The tricks used by the PRI to win the elections were:
i. All those employed in government offices had to attend its party meetings .
ii. Teachers of government schools had to force parents to vote for the PRI.
iii. Media ignored opposing parties, except to criticise them.
iv. Sometimes polling booths were shifted at last minute, making voting difficult
v. The PRI spent a large sum of the money in its campaign for its candidates
● A democracy must be based on a free and fair election, where those in power have a fair chance
of losing.
- One Person, One Vote, One Value-
● In Saudi Arabia, women don’t have the right to vote.
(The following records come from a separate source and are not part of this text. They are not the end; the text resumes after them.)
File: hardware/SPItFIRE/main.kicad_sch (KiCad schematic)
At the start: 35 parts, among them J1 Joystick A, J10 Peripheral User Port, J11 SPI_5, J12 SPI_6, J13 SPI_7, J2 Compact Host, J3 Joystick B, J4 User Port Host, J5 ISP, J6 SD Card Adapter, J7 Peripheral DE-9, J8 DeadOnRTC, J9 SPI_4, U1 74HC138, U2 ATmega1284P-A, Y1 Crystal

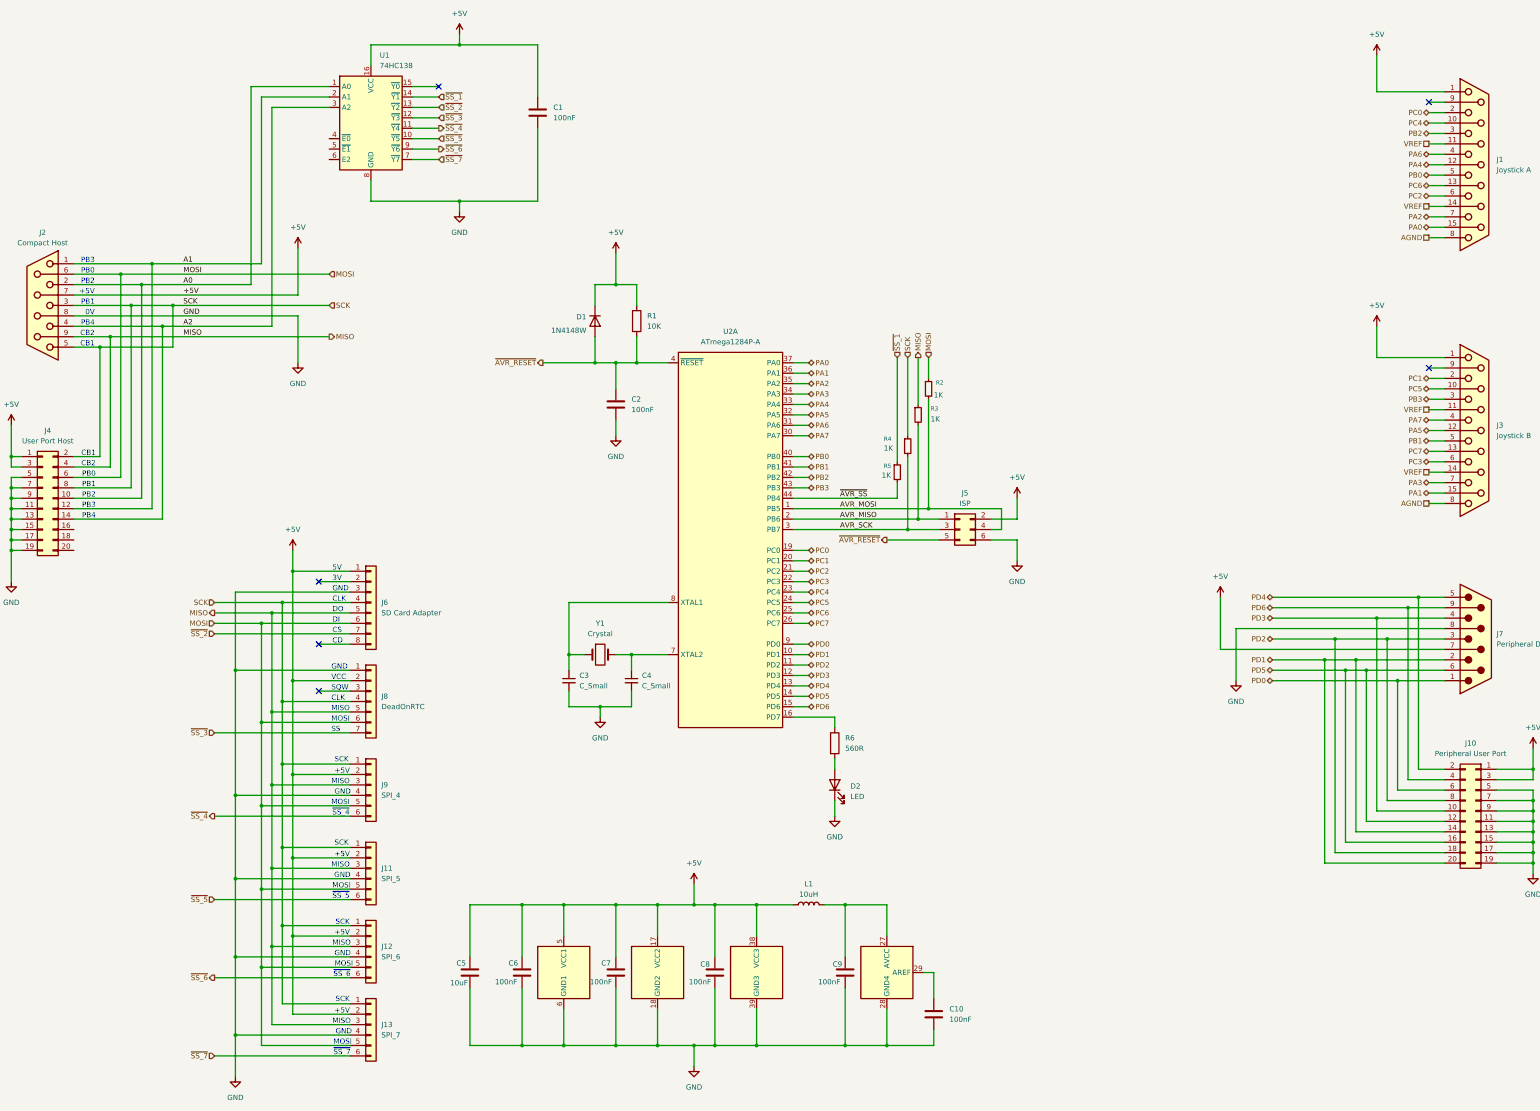
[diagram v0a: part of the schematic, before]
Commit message: Schematic updates
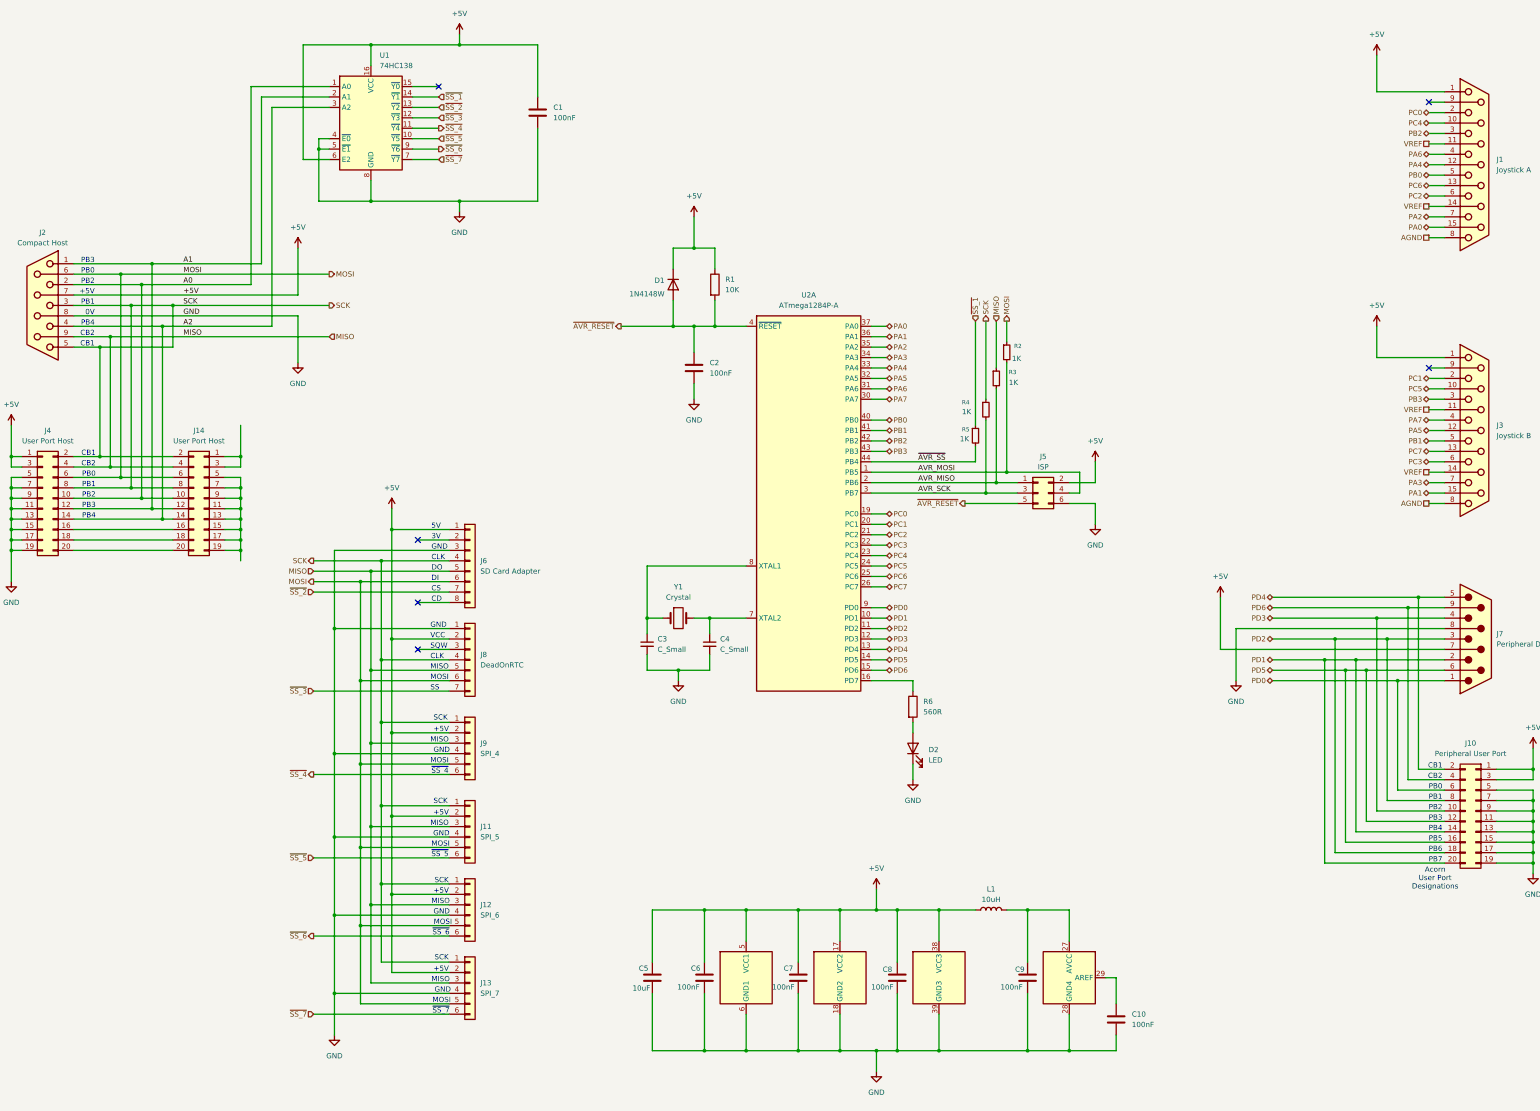
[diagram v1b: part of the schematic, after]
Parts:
- added J14: User Port Host, symbol Connector_Generic:Conn_02x10_Odd_Even
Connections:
- net +5V: now also U1.6 (E2)
- net A0: now also J14.10 (Pin_10)
- net A1: now also J14.12 (Pin_12)
- net A2: now also J14.14 (Pin_14)
- net GND: now also U1.4 (~{E0}), U1.5 (~{E1})
- net MISO: now also J14.4 (Pin_4)
- net MOSI: now also J14.6 (Pin_6)
- net SCK: now also J14.2 (Pin_2), J14.8 (Pin_8)
- net at J4.16 (Pin_16): now also J14.16 (Pin_16)
- net at J4.18 (Pin_18): now also J14.18 (Pin_18)
- net at J4.20 (Pin_20): now also J14.20 (Pin_20)
- new net: J14.1 (Pin_1), J14.3 (Pin_3)
- new net: J14.11 (Pin_11), J14.13 (Pin_13), J14.15 (Pin_15), J14.17 (Pin_17), J14.19 (Pin_19), J14.5 (Pin_5), J14.7 (Pin_7), J14.9 (Pin_9)
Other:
- note added: "Acorn User Port Designations"
- note added: "PB5"
- note added: "PB6"
- note added: "PB7"
- title: (none) -> SPItFIRE BBC Master Compact Joystick / Mouse interface
- moved on the sheet: C10, C2, C3, C4, C5, C6, C7, C8, C9, D1, D2, J11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

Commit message: Schematic updates and rule checking
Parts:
- J3: renamed from J14; value User Port Host -> User Port Passthrough
- renumbered C3 to C2, C5 to C3, C2 to C4, C6 to C5, C4 to C6, J2 to J1, J5 to J10, J1 to J11, J3 to J12, J7 to J13, J10 to J14, J4 to J2, J6 to J4, J8 to J5, J9 to J6, J11 to J7, J12 to J8, J13 to J9, R6 to R2, R5 to R3, R3 to R5, R2 to R6
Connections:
- net +5V: now also J3.1 (Pin_1), J3.3 (Pin_3)
- net GND: now also J3.11 (Pin_11), J3.13 (Pin_13), J3.15 (Pin_15), J3.17 (Pin_17), J3.19 (Pin_19), J3.5 (Pin_5), J3.7 (Pin_7), J3.9 (Pin_9)

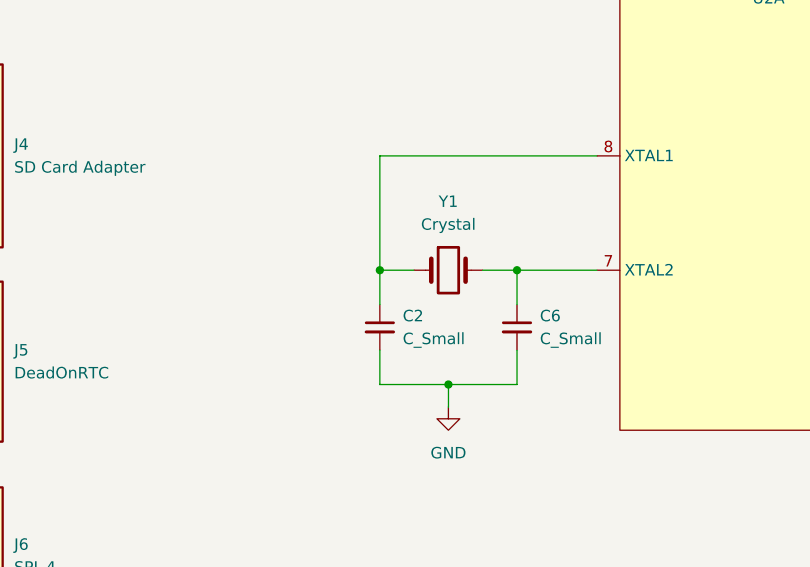
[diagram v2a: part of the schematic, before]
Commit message: Work on the schematic and the beginnings of footprint assignment
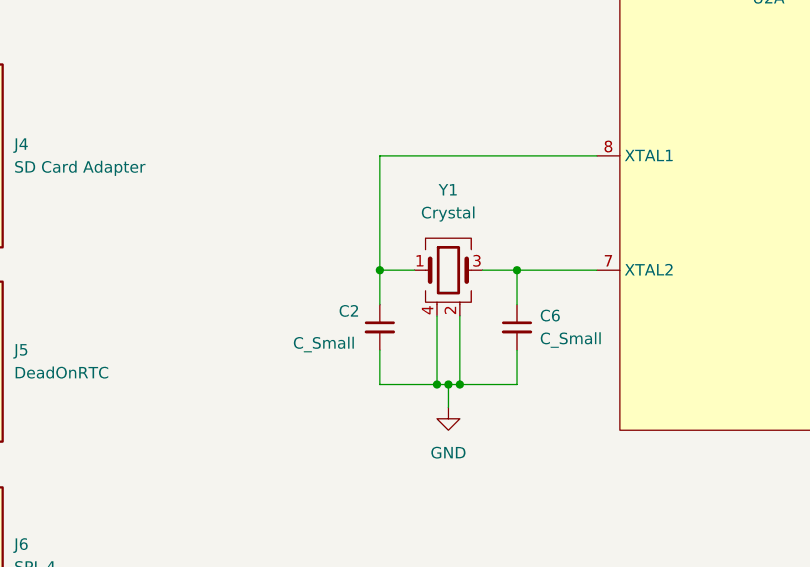
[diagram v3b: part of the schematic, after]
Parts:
- J1: footprint (none) -> SPItFIRE:DE9_Female_Horizontal_P2.74x2.84mm_EdgePinOffset10.40mm_Housed_MountingHolesOffset12.5mm
- J10, U1: footprint (none) -> Package_SO:SOIC-16_3.9x9.9mm_P1.27mm
- J11, J12: footprint (none) -> SPItFIRE:DA15_Female_Horizontal_P2.74x2.84mm_EdgePinOffset10.40mm_Housed_MountingHolesOffset16.66mm
- J13: footprint (none) -> SPItFIRE:DE9_Male_Horizontal_P2.74x2.84mm_EdgePinOffset10.40mm_Housed_MountingHolesOffset12.5mm_1
- J14, J2: footprint (none) -> Connector_PinHeader_2.54mm:PinHeader_2x10_P2.54mm_Horizontal
- J3: footprint (none) -> Connector_PinHeader_2.54mm:PinHeader_2x10_P2.54mm_Vertical
- J4: footprint (none) -> Connector_PinSocket_2.54mm:PinSocket_1x08_P2.54mm_Vertical
- J5: footprint (none) -> Connector_PinSocket_2.54mm:PinSocket_1x07_P2.54mm_Vertical
- J6, J7, J8, J9: footprint (none) -> Connector_PinSocket_2.54mm:PinSocket_1x06_P2.54mm_Vertical
- Y1: footprint (none) -> Crystal:Crystal_SMD_5032-4Pin_5.0x3.2mm; symbol Device:Crystal -> SPItFIRE:Crystal_GND24
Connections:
- net GND: now also Y1.2 (G), Y1.4 (G)
- net at C6.1, U2.7 (XTAL2): now also Y1.3; no longer Y1.2
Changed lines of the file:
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@@
 	)
 	(junction
+		(at 181.61 177.8)
+		(diameter 0)
+		(color 0 0 0 0)
+	)
+	(junction
 		(at 107.95 175.26)
 		(diameter 0)
@@
 	)
 	(junction
+		(at 179.07 177.8)
+		(diameter 0)
+		(color 0 0 0 0)
+	)
+	(junction
 		(at 265.43 270.51)
 		(diameter 0)
@@
 	(wire
 		(pts
+			(xy 181.61 177.8) (xy 187.96 177.8)
+		)
+		(stroke
+			(width 0)
+			(type default)
+		)
+	)
+	(wire
+		(pts
 			(xy 184.15 165.1) (xy 187.96 165.1)
 		)
@@
 	(wire
 		(pts
-			(xy 172.72 177.8) (xy 180.34 177.8)
+			(xy 172.72 177.8) (xy 179.07 177.8)
 		)
 		(stroke
@@
 	(wire
 		(pts
+			(xy 179.07 170.18) (xy 179.07 177.8)
+		)
+		(stroke
+			(width 0)
+			(type default)
+		)
+	)
+	(wire
+		(pts
 			(xy 379.73 217.17) (xy 388.62 217.17)
 		)
@@
 	(wire
 		(pts
+			(xy 179.07 177.8) (xy 180.34 177.8)
+		)
+		(stroke
+			(width 0)
+			(type default)
+		)
+	)
+	(wire
+		(pts
 			(xy 388.62 196.85) (xy 388.62 201.93)
 		)
@@
 	(wire
 		(pts
-			(xy 180.34 177.8) (xy 187.96 177.8)
+			(xy 180.34 177.8) (xy 181.61 177.8)
 		)
 		(stroke
@@
 	(wire
 		(pts
+			(xy 181.61 170.18) (xy 181.61 177.8)
+		)
+		(stroke
+			(width 0)
+			(type default)
+		)
+	)
+	(wire
+		(pts
 			(xy 275.59 270.51) (xy 275.59 261.62)
 		)
@@
 			)
 		)
-		(property "Footprint" ""
+		(property "Footprint" "Connector_PinSocket_2.54mm:PinSocket_1x06_P2.54mm_Vertical"
 			(at 129.54 195.58 0)
 			(hide yes)
@@
 			)
 		)
-		(property "Footprint" ""
+		(property "Footprint" "Connector_PinHeader_2.54mm:PinHeader_2x10_P2.54mm_Horizontal"
 			(at 25.4 135.89 0)
 			(hide yes)
@@
 			)
 		)
-		(property "Footprint" ""
+		(property "Footprint" "SPItFIRE:DE9_Male_Horizontal_P2.74x2.84mm_EdgePinOffset10.40mm_Housed_MountingHolesOffset12.5mm_1"
 			(at 374.65 170.18 0)
 			(hide yes)
@@
 			)
 		)
-		(property "Footprint" ""
+		(property "Footprint" "SPItFIRE:DA15_Female_Horizontal_P2.74x2.84mm_EdgePinOffset10.40mm_Housed_MountingHolesOffset16.66mm"
 			(at 374.65 54.61 0)
 			(hide yes)
@@
 			)
 		)
-		(property "Footprint" ""
+		(property "Footprint" "Connector_PinHeader_2.54mm:PinHeader_2x10_P2.54mm_Horizontal"
 			(at 374.65 212.09 0)
 			(hide yes)
@@
 		(in_pos_files yes)
 		(dnp no)
-		(fields_autoplaced yes)
 		(property "Reference" "C2"
-			(at 175.26 170.1862 0)
+			(at 168.148 169.672 0)
 			(show_name no)
 			(do_not_autoplace no)
@@
 		)
 		(property "Value" "C_Small"
-			(at 175.26 172.7262 0)
+			(at 163.068 173.228 0)
 			(show_name no)
 			(do_not_autoplace no)
@@
 			)
 		)
-		(property "Footprint" ""
+		(property "Footprint" "Connector_PinSocket_2.54mm:PinSocket_1x06_P2.54mm_Vertical"
 			(at 129.54 234.95 0)
 			(hide yes)
@@
 			)
 		)
-		(property "Footprint" ""
+		(property "Footprint" "SPItFIRE:DA15_Female_Horizontal_P2.74x2.84mm_EdgePinOffset10.40mm_Housed_MountingHolesOffset16.66mm"
 			(at 374.65 119.38 0)
 			(hide yes)
@@
 			)
 		)
-		(property "Footprint" ""
+		(property "Footprint" "Connector_PinSocket_2.54mm:PinSocket_1x08_P2.54mm_Vertical"
 			(at 129.54 151.13 0)
 			(hide yes)
@@
 			)
 		)
-		(property "Footprint" ""
+		(property "Footprint" "Connector_PinHeader_2.54mm:PinHeader_2x10_P2.54mm_Vertical"
 			(at 64.77 135.89 0)
 			(hide yes)
@@
 			)
 		)
-		(property "Footprint" ""
+		(property "Footprint" "Connector_PinSocket_2.54mm:PinSocket_1x06_P2.54mm_Vertical"
 			(at 129.54 215.9 0)
 			(hide yes)
@@
 			)
 		)
-		(property "Footprint" ""
+		(property "Footprint" "SPItFIRE:DE9_Female_Horizontal_P2.74x2.84mm_EdgePinOffset10.40mm_Housed_MountingHolesOffset12.5mm"
 			(at 25.4 88.9 0)
 			(hide yes)
@@
 	)
 	(symbol
-		(lib_id "Device:Crystal")
+		(lib_id "SPItFIRE:Crystal_GND24")
 		(at 180.34 165.1 0)
 		(unit 1)
@@
 		(fields_autoplaced yes)
 		(property "Reference" "Y1"
-			(at 180.34 157.48 0)
+			(at 180.34 156.21 0)
 			(show_name no)
 			(do_not_autoplace no)
@@
 		)
 		(property "Value" "Crystal"
-			(at 180.34 160.02 0)
+			(at 180.34 158.75 0)
 			(show_name no)
 			(do_not_autoplace no)
@@
 			)
 		)
-		(property "Footprint" ""
+		(property "Footprint" "Crystal:Crystal_SMD_5032-4Pin_5.0x3.2mm"
 			(at 180.34 165.1 0)
 			(hide yes)
@@
 			)
 		)
-		(property "Description" "Two pin crystal"
+		(property "Description" "Four pin crystal, GND on pins 2 and 4"
 			(at 180.34 165.1 0)
 			(hide yes)
@@
 		(pin "2"
 		)
+		(pin "4"
+		)
+		(pin "3"
+		)
 		(instances
 			(project "SPItFIRE"
@@
 			)
 		)
-		(property "Footprint" ""
+		(property "Footprint" "Package_SO:SOIC-16_3.9x9.9mm_P1.27mm"
 			(at 105.41 45.72 0)
 			(hide yes)
@@
 			)
 		)
-		(property "Footprint" ""
+		(property "Footprint" "Connector_PinSocket_2.54mm:PinSocket_1x07_P2.54mm_Vertical"
 			(at 129.54 175.26 0)
 			(hide yes)
@@
 			)
 		)
-		(property "Footprint" ""
+		(property "Footprint" "Package_SO:SOIC-16_3.9x9.9mm_P1.27mm"
 			(at 267.97 134.62 0)
 			(hide yes)
@@
 			)
 		)
-		(property "Footprint" ""
+		(property "Footprint" "Connector_PinSocket_2.54mm:PinSocket_1x06_P2.54mm_Vertical"
 			(at 129.54 254 0)
 			(hide yes)

● In Estonia, people belonging to the Russian minority find it difficult to obtain the right to vote.
● In Fiji, the vote of an indigenous Fiji, has more value than that of an Indian-Fijian.
● In a democracy, every adult citizen must have one vote, and each vote must have one value.
- Rule of Law and Respect for Rights-
● Since Zimbabwe attained independence, it was ruled be the party ZANU-PF, which helped it gain
freedom. It’s leader,President Mugabe is popular , however he uses unfair practices in elections,
and the government has tried to change the constitution several times, to increase powers of the
president, and make the government less accountable. This shows that popular approval of the
leaders, albeit necessary in a democracy, is not sufficient.
● A democratic government rules within limits set by constitutional law, and citizens’ rights.
Chapter-2-Constitutional Design-
Democratic Constitution in South Africa:
- Struggle Against Apartheid: Apartheid was a legalised system of racial discrimination imposed
by white Europeans, unique to South Africa. The African National Congress (ANC) was an
organisation leading the struggle against Apartheid. This included many workers’ unions, and the
communist party. Many sensitive whites also joined the ANC.
The Apartheid system was particularly oppressive for blacks because:
● They did not have voting rights.
● They were forbidden from living in white areas.
● They could only work in white areas with a permit.
● Public buildings and services were all separate for blacks. (Segregation)
● They could not visit the churches whites worshipped.
● They could not form organisations, or protest against the horrible treatment.
- A New Constitution: On 26, April 1994, the new flag for South Africa was unfurled, marking the
start of a new democracy. The apartheid system came to an end, paving the way for a multi-racial
government. After two years of discussion and debate, the South African Constituent Assembly
created a constitution, with the most extensive rights of any constitution in the world.
Some Features Are:
● The constitution gave its citizens the most extensive rights available in any country.
● They agreed that in the search for the solution for problems, no one should be excluded.
● They agreed that everyone should become a part of the solution.
Chapter-3-Electoral Politics-
An election is the process by which people choose their representatives at regular intervals.
What makes an Election Democratic?:
● Universal Adult Franchise: Every person has one vote, and every vote has one value.
● Parties and candidates should be free to contest, and a real choice should be offered to voters.
● Elections must be held at regular intervals.
● The candidate preferred by the people should be elected.
● Elections should be conducted in a free and fair manner, in which voters can vote for whom they
wish.
- Challenges to Democratic Elections:
● Bigger parties and candidates with a lot of money, have an unfair advantage over smaller parties,
and independents.
● In some areas, candidates with criminal connections have been able to push others out, hence,
securing party nomination.
● Some families dominate political parties, and only relatives from these families receive party
nomination.
● Often, elections offer little choice to ordinary citizens, as both parties are similar to each other in
policies.
- Malpractices Used In Elections:
● Inclusion of false names, and exclusion of genuine names from the voters list.
● Misuse of government facilities by the ruling party.
● Excessive use of money by rich candidates.
● Intimidation of voters and rigging, on election day.